*** EXTRACTED RECORDS

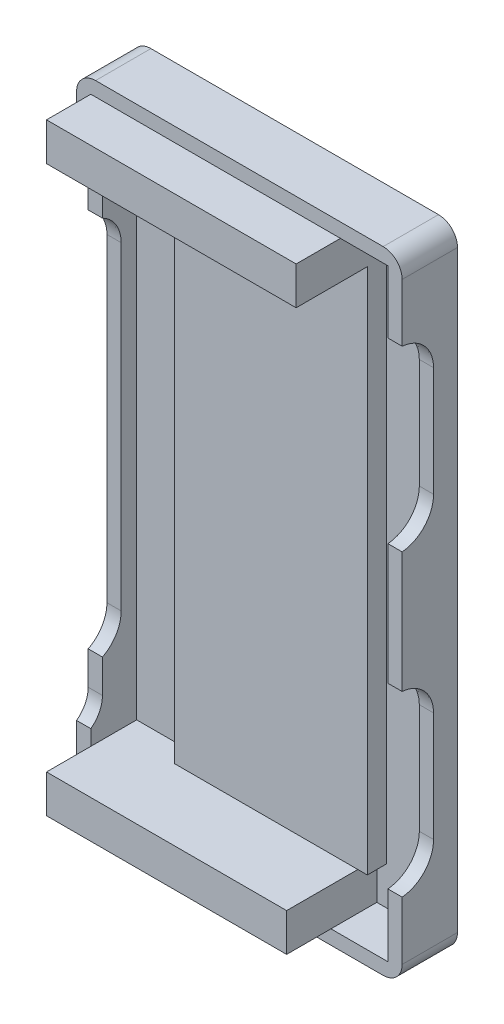
SolidWorks part; units mm, degrees
ref_plane "Front Plane" through (0, 0, 0) normal (0, 0, 1) x (1, 0, 0)
ref_plane "Top Plane" through (0, 0, 0) normal (0, 1, 0) x (1, 0, 0)
ref_plane "Right Plane" through (0, 0, 0) normal (1, 0, 0) x (0, 0, -1)
sketch "Sketch1" plane through (0, 0, 0) normal (0, 0, 1) x (1, 0, 0)
  line L0 (-32.3, 64.5) -> (2, 64.5)
  line L1 (-30.3, 62.5) -> (0, 62.5) construction
  line L2 (-30.3, 62.5) -> (-30.3, 0) construction
  line L3 (-30.3, 0) -> (0, 0) construction
  line L4 (0, 62.5) -> (0, 0) construction
  line L5 (2, 64.5) -> (2, -2)
  line L6 (-32.3, -2) -> (2, -2)
  line L7 (-32.3, 64.5) -> (-32.3, -2)
  dimension "D1" = 2
extrude "Boss-Extrude3" add sketch "Sketch1" along normal offset from surface 1.5 and the other way offset from surface (16.5814 mm away) 1.5
sketch "Sketch3" plane through (-32.3, 0, 0) normal (-1, 0, 0) x (0, 0, 1)
  line L0 (-13.4464, 47.86) -> (-13.4464, 14.26) construction
  line L1 (-9.7847, 11.1874) -> (-6.7947, 11.7146) construction
  line L2 (-4.2164, 14.7872) -> (-4.2164, 47.3328) construction
  line L3 (-6.7947, 50.4054) -> (-9.7847, 50.9326) construction
  line L5 (-13.9464, 47.86) -> (-13.9464, 14.26)
  line L6 (-9.6978, 10.695) -> (-6.7078, 11.2222)
  line L12 (-13.4464, 47.86) -> (-13.4464, 14.26) construction
  line L13 (-9.7847, 11.1874) -> (-6.7947, 11.7146) construction
  line L14 (-4.2164, 14.7872) -> (-4.2164, 47.3328) construction
  line L15 (-6.7947, 50.4054) -> (-9.7847, 50.9326) construction
  line L16 (-3.7164, 14.7872) -> (-3.7164, 47.3328)
  line L17 (-6.7078, 50.8978) -> (-9.6978, 51.425)
  spline S0 degree 3 poles (-13.4464, 14.26) (-13.4464, 12.1686) (-11.8443, 10.8242) (-9.7847, 11.1874) knots 0 0 0 0 1 1 1 1 weights 1 0.761858 0.761858 1 construction
  spline S1 degree 3 poles (-6.7947, 11.7146) (-5.2347, 11.9897) (-4.2164, 13.2032) (-4.2164, 14.7872) knots 0 0 0 0 1 1 1 1 weights 1 0.84403 0.84403 1 construction
  spline S2 degree 3 poles (-4.2164, 47.3328) (-4.2164, 48.9169) (-5.2347, 50.1303) (-6.7947, 50.4054) knots 0 0 0 0 1 1 1 1 weights 1 0.84403 0.84403 1 construction
  spline S3 degree 3 poles (-9.7847, 50.9326) (-11.8443, 51.2958) (-13.4464, 49.9514) (-13.4464, 47.86) knots 0 0 0 0 1 1 1 1 weights 1 0.761858 0.761858 1 construction
  spline S4 degree 3 poles (-13.4464, 14.26) (-13.4464, 12.1686) (-11.8443, 10.8242) (-9.7847, 11.1874) knots 0 0 0 0 1 1 1 1 weights 1 0.761858 0.761858 1 construction
  spline S5 degree 3 poles (-6.7947, 11.7146) (-5.2347, 11.9897) (-4.2164, 13.2032) (-4.2164, 14.7872) knots 0 0 0 0 1 1 1 1 weights 1 0.84403 0.84403 1 construction
  spline S6 degree 3 poles (-4.2164, 47.3328) (-4.2164, 48.9169) (-5.2347, 50.1303) (-6.7947, 50.4054) knots 0 0 0 0 1 1 1 1 weights 1 0.84403 0.84403 1 construction
  spline S7 degree 3 poles (-9.7847, 50.9326) (-11.8443, 51.2958) (-13.4464, 49.9514) (-13.4464, 47.86) knots 0 0 0 0 1 1 1 1 weights 1 0.761858 0.761858 1 construction
  spline S8 degree 1 poles (-13.9464, 14.26) (-9.6978, 10.695) knots 0 0 1 1 construction
  spline S9 degree 1 poles (-6.7078, 11.2222) (-3.7164, 14.7872) knots 0 0 1 1 construction
  spline S10 degree 1 poles (-3.7164, 47.3328) (-6.7078, 50.8978) knots 0 0 1 1 construction
  spline S11 degree 1 poles (-9.6978, 51.425) (-13.9464, 47.86) knots 0 0 1 1 construction
  spline S12 degree 3 poles (-13.9464, 14.26) (-13.9464, 14.0193) (-13.9017, 13.5499) (-13.5942, 12.5442) (-12.7412, 11.3822) (-11.4487, 10.7439) (-10.4049, 10.6158) (-9.9349, 10.6532) (-9.6978, 10.695) knots 0 0 0 0 0.125 0.25 0.5 0.75 0.875 1 1 1 1
  spline S13 degree 3 poles (-6.7078, 11.2222) (-6.308, 11.2927) (-5.5445, 11.5574) (-4.4978, 12.4053) (-3.8445, 13.5834) (-3.7164, 14.3812) (-3.7164, 14.7872) knots 0 0 0 0 0.25 0.5 0.75 1 1 1 1
  spline S14 degree 3 poles (-3.7164, 47.3328) (-3.7164, 47.7388) (-3.8445, 48.5366) (-4.4978, 49.7147) (-5.5445, 50.5626) (-6.308, 50.8273) (-6.7078, 50.8978) knots 0 0 0 0 0.25 0.5 0.75 1 1 1 1
  spline S15 degree 3 poles (-9.6978, 51.425) (-9.9349, 51.4668) (-10.4049, 51.5042) (-11.4487, 51.3761) (-12.7412, 50.7379) (-13.5942, 49.5758) (-13.9017, 48.5701) (-13.9464, 48.1007) (-13.9464, 47.86) knots 0 0 0 0 0.125 0.25 0.5 0.75 0.875 1 1 1 1
  dimension "D1" = 0.5
extrude "Cut-Extrude1" cut sketch "Sketch3" against normal blind 5
sketch "Sketch4" plane through (2, 0, 0) normal (1, 0, 0) x (0, 0, -1)
  line L0 (6.9047, 38.7046) -> (9.8947, 38.1774) construction
  line L1 (4.3264, 52.2728) -> (4.3264, 41.7772) construction
  line L2 (13.5564, 41.25) -> (13.5564, 52.8) construction
  line L3 (9.8947, 55.8726) -> (6.9047, 55.3454) construction
  line L4 (6.9047, 38.7046) -> (9.8947, 38.1774) construction
  line L5 (4.3264, 52.2728) -> (4.3264, 41.7772) construction
  line L6 (13.5564, 41.25) -> (13.5564, 52.8) construction
  line L7 (9.8947, 55.8726) -> (6.9047, 55.3454) construction
  line L8 (4.3264, 20.7728) -> (4.3264, 10.2772) construction
  line L9 (6.9047, 7.2046) -> (9.8947, 6.6774) construction
  line L10 (13.5564, 9.75) -> (13.5564, 21.3) construction
  line L11 (9.8947, 24.3726) -> (6.9047, 23.8454) construction
  line L12 (4.3264, 20.7728) -> (4.3264, 10.2772) construction
  line L13 (6.9047, 7.2046) -> (9.8947, 6.6774) construction
  line L14 (13.5564, 9.75) -> (13.5564, 21.3) construction
  line L15 (9.8947, 24.3726) -> (6.9047, 23.8454) construction
  line L16 (6.8178, 38.2122) -> (9.8078, 37.685)
  line L17 (14.0564, 41.25) -> (14.0564, 52.8)
  line L18 (9.8078, 56.365) -> (6.8178, 55.8378)
  line L19 (3.8264, 52.2728) -> (3.8264, 41.7772)
  line L20 (3.8264, 20.7728) -> (3.8264, 10.2772)
  line L21 (6.8178, 6.7122) -> (9.8078, 6.185)
  line L22 (14.0564, 9.75) -> (14.0564, 21.3)
  line L23 (9.8078, 24.865) -> (6.8178, 24.3378)
  spline S0 degree 3 poles (4.3264, 41.7772) (4.3264, 40.1932) (5.3447, 38.9797) (6.9047, 38.7046) knots 0 0 0 0 1 1 1 1 weights 1 0.84403 0.84403 1 construction
  spline S1 degree 3 poles (9.8947, 38.1774) (11.9543, 37.8142) (13.5564, 39.1586) (13.5564, 41.25) knots 0 0 0 0 1 1 1 1 weights 1 0.761858 0.761858 1 construction
  spline S2 degree 3 poles (6.9047, 55.3454) (5.3447, 55.0703) (4.3264, 53.8568) (4.3264, 52.2728) knots 0 0 0 0 1 1 1 1 weights 1 0.84403 0.84403 1 construction
  spline S3 degree 3 poles (13.5564, 52.8) (13.5564, 54.8914) (11.9543, 56.2358) (9.8947, 55.8726) knots 0 0 0 0 1 1 1 1 weights 1 0.761858 0.761858 1 construction
  spline S4 degree 3 poles (4.3264, 41.7772) (4.3264, 40.1932) (5.3447, 38.9797) (6.9047, 38.7046) knots 0 0 0 0 1 1 1 1 weights 1 0.84403 0.84403 1 construction
  spline S5 degree 3 poles (9.8947, 38.1774) (11.9543, 37.8142) (13.5564, 39.1586) (13.5564, 41.25) knots 0 0 0 0 1 1 1 1 weights 1 0.761858 0.761858 1 construction
  spline S6 degree 3 poles (6.9047, 55.3454) (5.3447, 55.0703) (4.3264, 53.8568) (4.3264, 52.2728) knots 0 0 0 0 1 1 1 1 weights 1 0.84403 0.84403 1 construction
  spline S7 degree 3 poles (13.5564, 52.8) (13.5564, 54.8914) (11.9543, 56.2358) (9.8947, 55.8726) knots 0 0 0 0 1 1 1 1 weights 1 0.761858 0.761858 1 construction
  spline S8 degree 3 poles (4.3264, 10.2772) (4.3264, 8.6932) (5.3447, 7.4797) (6.9047, 7.2046) knots 0 0 0 0 1 1 1 1 weights 1 0.84403 0.84403 1 construction
  spline S9 degree 3 poles (9.8947, 6.6774) (11.9543, 6.3142) (13.5564, 7.6586) (13.5564, 9.75) knots 0 0 0 0 1 1 1 1 weights 1 0.761858 0.761858 1 construction
  spline S10 degree 3 poles (6.9047, 23.8454) (5.3447, 23.5703) (4.3264, 22.3568) (4.3264, 20.7728) knots 0 0 0 0 1 1 1 1 weights 1 0.84403 0.84403 1 construction
  spline S11 degree 3 poles (13.5564, 21.3) (13.5564, 23.3914) (11.9543, 24.7358) (9.8947, 24.3726) knots 0 0 0 0 1 1 1 1 weights 1 0.761858 0.761858 1 construction
  spline S12 degree 3 poles (4.3264, 10.2772) (4.3264, 8.6932) (5.3447, 7.4797) (6.9047, 7.2046) knots 0 0 0 0 1 1 1 1 weights 1 0.84403 0.84403 1 construction
  spline S13 degree 3 poles (9.8947, 6.6774) (11.9543, 6.3142) (13.5564, 7.6586) (13.5564, 9.75) knots 0 0 0 0 1 1 1 1 weights 1 0.761858 0.761858 1 construction
  spline S14 degree 3 poles (6.9047, 23.8454) (5.3447, 23.5703) (4.3264, 22.3568) (4.3264, 20.7728) knots 0 0 0 0 1 1 1 1 weights 1 0.84403 0.84403 1 construction
  spline S15 degree 3 poles (13.5564, 21.3) (13.5564, 23.3914) (11.9543, 24.7358) (9.8947, 24.3726) knots 0 0 0 0 1 1 1 1 weights 1 0.761858 0.761858 1 construction
  spline S16 degree 1 poles (9.8078, 37.685) (14.0564, 41.25) knots 0 0 1 1 construction
  spline S17 degree 1 poles (14.0564, 52.8) (9.8078, 56.365) knots 0 0 1 1 construction
  spline S18 degree 1 poles (6.8178, 55.8378) (3.8264, 52.2728) knots 0 0 1 1 construction
  spline S19 degree 1 poles (3.8264, 41.7772) (6.8178, 38.2122) knots 0 0 1 1 construction
  spline S20 degree 3 poles (9.8078, 37.685) (10.0449, 37.6432) (10.5149, 37.6058) (11.5587, 37.7339) (12.8512, 38.3721) (13.7042, 39.5342) (14.0117, 40.5399) (14.0564, 41.0093) (14.0564, 41.25) knots 0 0 0 0 0.125 0.25 0.5 0.75 0.875 1 1 1 1
  spline S21 degree 3 poles (14.0564, 52.8) (14.0564, 53.0407) (14.0117, 53.5101) (13.7042, 54.5158) (12.8512, 55.6778) (11.5587, 56.3161) (10.5149, 56.4442) (10.0449, 56.4068) (9.8078, 56.365) knots 0 0 0 0 0.125 0.25 0.5 0.75 0.875 1 1 1 1
  spline S22 degree 3 poles (6.8178, 55.8378) (6.418, 55.7673) (5.6545, 55.5026) (4.6078, 54.6547) (3.9545, 53.4766) (3.8264, 52.6788) (3.8264, 52.2728) knots 0 0 0 0 0.25 0.5 0.75 1 1 1 1
  spline S23 degree 3 poles (3.8264, 41.7772) (3.8264, 41.3712) (3.9545, 40.5734) (4.6078, 39.3953) (5.6545, 38.5474) (6.418, 38.2827) (6.8178, 38.2122) knots 0 0 0 0 0.25 0.5 0.75 1 1 1 1
  spline S24 degree 1 poles (3.8264, 10.2772) (6.8178, 6.7122) knots 0 0 1 1 construction
  spline S25 degree 1 poles (9.8078, 6.185) (14.0564, 9.75) knots 0 0 1 1 construction
  spline S26 degree 1 poles (14.0564, 21.3) (9.8078, 24.865) knots 0 0 1 1 construction
  spline S27 degree 1 poles (6.8178, 24.3378) (3.8264, 20.7728) knots 0 0 1 1 construction
  spline S28 degree 3 poles (3.8264, 10.2772) (3.8264, 9.8712) (3.9545, 9.0734) (4.6078, 7.8953) (5.6545, 7.0474) (6.418, 6.7827) (6.8178, 6.7122) knots 0 0 0 0 0.25 0.5 0.75 1 1 1 1
  spline S29 degree 3 poles (9.8078, 6.185) (10.0449, 6.1432) (10.5149, 6.1058) (11.5587, 6.2339) (12.8512, 6.8722) (13.7042, 8.0342) (14.0117, 9.0399) (14.0564, 9.5093) (14.0564, 9.75) knots 0 0 0 0 0.125 0.25 0.5 0.75 0.875 1 1 1 1
  spline S30 degree 3 poles (14.0564, 21.3) (14.0564, 21.5407) (14.0117, 22.0101) (13.7042, 23.0158) (12.8512, 24.1779) (11.5587, 24.8161) (10.5149, 24.9442) (10.0449, 24.9068) (9.8078, 24.865) knots 0 0 0 0 0.125 0.25 0.5 0.75 0.875 1 1 1 1
  spline S31 degree 3 poles (6.8178, 24.3378) (6.418, 24.2673) (5.6545, 24.0026) (4.6078, 23.1547) (3.9545, 21.9766) (3.8264, 21.1788) (3.8264, 20.7728) knots 0 0 0 0 0.25 0.5 0.75 1 1 1 1
  dimension "D1" = 0.5
extrude "Cut-Extrude2" cut sketch "Sketch4" against normal blind 5
fillet "Fillet1" radius 2 4 edges at (2, -2, -6.6657) (-32.3, -2, -6.6657) (-32.3, 64.5, -6.6657) (2, 64.5, -6.6657)
sketch "Sketch5" plane through (0, 0, 3.25) normal (0, 0, 1) x (1, 0, 0)
  line L1 (-38.4696, 67.7647) -> (12.8382, 67.7647)
  line L2 (-38.4696, 67.7647) -> (-38.4696, -8.6352)
  line L3 (-38.4696, -8.6352) -> (12.8382, -8.6352)
  line L4 (12.8382, 67.7647) -> (12.8382, -8.6352)
extrude "Cut-Extrude3" cut sketch "Sketch5" against normal blind 14
sketch "Sketch6" plane through (0, 0, -10.75) normal (0, 0, 1) x (1, 0, 0)
  line L0 (0, 64.5) -> (-30.3, 64.5) construction
  line L1 (-30.8, 63) -> (0.5, 63)
  line L2 (-30.8, 63) -> (-30.8, -0.5)
  line L3 (-30.8, -0.5) -> (0.5, -0.5)
  line L4 (0.5, 63) -> (0.5, -0.5)
  line L5 (-32.3, 62.5) -> (-32.3, 51.4549) construction
  line L6 (2, 56.4062) -> (2, 62.5) construction
  line L7 (-30.3, -2) -> (0, -2) construction
  dimension "D1" = 1.5
  dimension "D2" = 1.5
  dimension "D3" = 1.5
  dimension "D4" = 1.5
extrude "Cut-Extrude4" cut sketch "Sketch6" against normal offset from surface (4.8314 mm away) 1 up to face at (-15.15, 31.25, -16.5814)
sketch "Sketch7" plane through (0, 0, -15.5814) normal (0, 0, 1) x (1, 0, 0)
  line L0 (0.5, 63) -> (-30.8, 63) construction
  line L1 (-30.8, 63) -> (-4.5, 63)
  line L2 (-30.8, 63) -> (-30.8, 59)
  line L3 (-30.8, 59) -> (-4.5, 59)
  line L4 (-4.5, 63) -> (-4.5, 59)
  line L5 (-30.8, -0.5) -> (0.5, -0.5) construction
  line L6 (-30.8, -0.5) -> (-5.5, -0.5)
  line L7 (-30.8, -0.5) -> (-30.8, 3.5)
  line L8 (-30.8, 3.5) -> (-5.5, 3.5)
  line L9 (-5.5, -0.5) -> (-5.5, 3.5)
  line L10 (0.5, -0.5) -> (0.5, 63) construction
  line L11 (-30.8, 63) -> (-30.8, -0.5) construction
  dimension "D1" = 4
  dimension "D2" = 6
  dimension "D3" = 0
  dimension "D4" = 4
  dimension "D5" = 5
  dimension "D6" = 0
extrude "Boss-Extrude4" add sketch "Sketch7" along normal blind 9.5
sketch "Sketch8" plane through (0, 0, -15.5814) normal (0, 0, 1) x (1, 0, 0)
  line L0 (-5.5, 3.5) -> (-30.8, 3.5) construction
  line L1 (-4.5, 59) -> (-24.8, 59)
  line L2 (-4.5, 59) -> (-4.5, 3.5)
  line L3 (-4.5, 3.5) -> (-24.8, 3.5)
  line L4 (-24.8, 59) -> (-24.8, 3.5)
  line L5 (-30.8, 59) -> (-30.8, 3.5) construction
  dimension "D1" = 6
extrude "Boss-Extrude5" add sketch "Sketch8" along normal blind 2
sketch "Sketch9" plane through (-32.3, 0, 0) normal (-1, 0, 0) x (0, 0, 1)
  line L2 (-11.9741, 54.6351) -> (-11.9741, 7.533)
  line L4 (-5.9741, 54.6351) -> (-5.9741, 7.533)
  arc A0 (-11.9741, 7.533) -> (-5.9741, 7.533) centre (-8.9741, 7.533) ccw
  arc A1 (-5.9741, 54.6351) -> (-11.9741, 54.6351) centre (-8.9741, 54.6351) ccw
extrude "Cut-Extrude5" cut sketch "Sketch9" against normal up to surface (1.5 mm away) up to face at (-30.8, 30.7056, -12.757)

******

Copy the lines of the data above exactly as written, beginning with the line containing "spline S8 degree 3" and ending with the line containing "spline S14 degree 3 poles (6.9047, 23.8454)", and leave out all other lines.

  spline S8 degree 3 poles (4.3264, 10.2772) (4.3264, 8.6932) (5.3447, 7.4797) (6.9047, 7.2046) knots 0 0 0 0 1 1 1 1 weights 1 0.84403 0.84403 1 construction
  spline S9 degree 3 poles (9.8947, 6.6774) (11.9543, 6.3142) (13.5564, 7.6586) (13.5564, 9.75) knots 0 0 0 0 1 1 1 1 weights 1 0.761858 0.761858 1 construction
  spline S10 degree 3 poles (6.9047, 23.8454) (5.3447, 23.5703) (4.3264, 22.3568) (4.3264, 20.7728) knots 0 0 0 0 1 1 1 1 weights 1 0.84403 0.84403 1 construction
  spline S11 degree 3 poles (13.5564, 21.3) (13.5564, 23.3914) (11.9543, 24.7358) (9.8947, 24.3726) knots 0 0 0 0 1 1 1 1 weights 1 0.761858 0.761858 1 construction
  spline S12 degree 3 poles (4.3264, 10.2772) (4.3264, 8.6932) (5.3447, 7.4797) (6.9047, 7.2046) knots 0 0 0 0 1 1 1 1 weights 1 0.84403 0.84403 1 construction
  spline S13 degree 3 poles (9.8947, 6.6774) (11.9543, 6.3142) (13.5564, 7.6586) (13.5564, 9.75) knots 0 0 0 0 1 1 1 1 weights 1 0.761858 0.761858 1 construction
  spline S14 degree 3 poles (6.9047, 23.8454) (5.3447, 23.5703) (4.3264, 22.3568) (4.3264, 20.7728) knots 0 0 0 0 1 1 1 1 weights 1 0.84403 0.84403 1 construction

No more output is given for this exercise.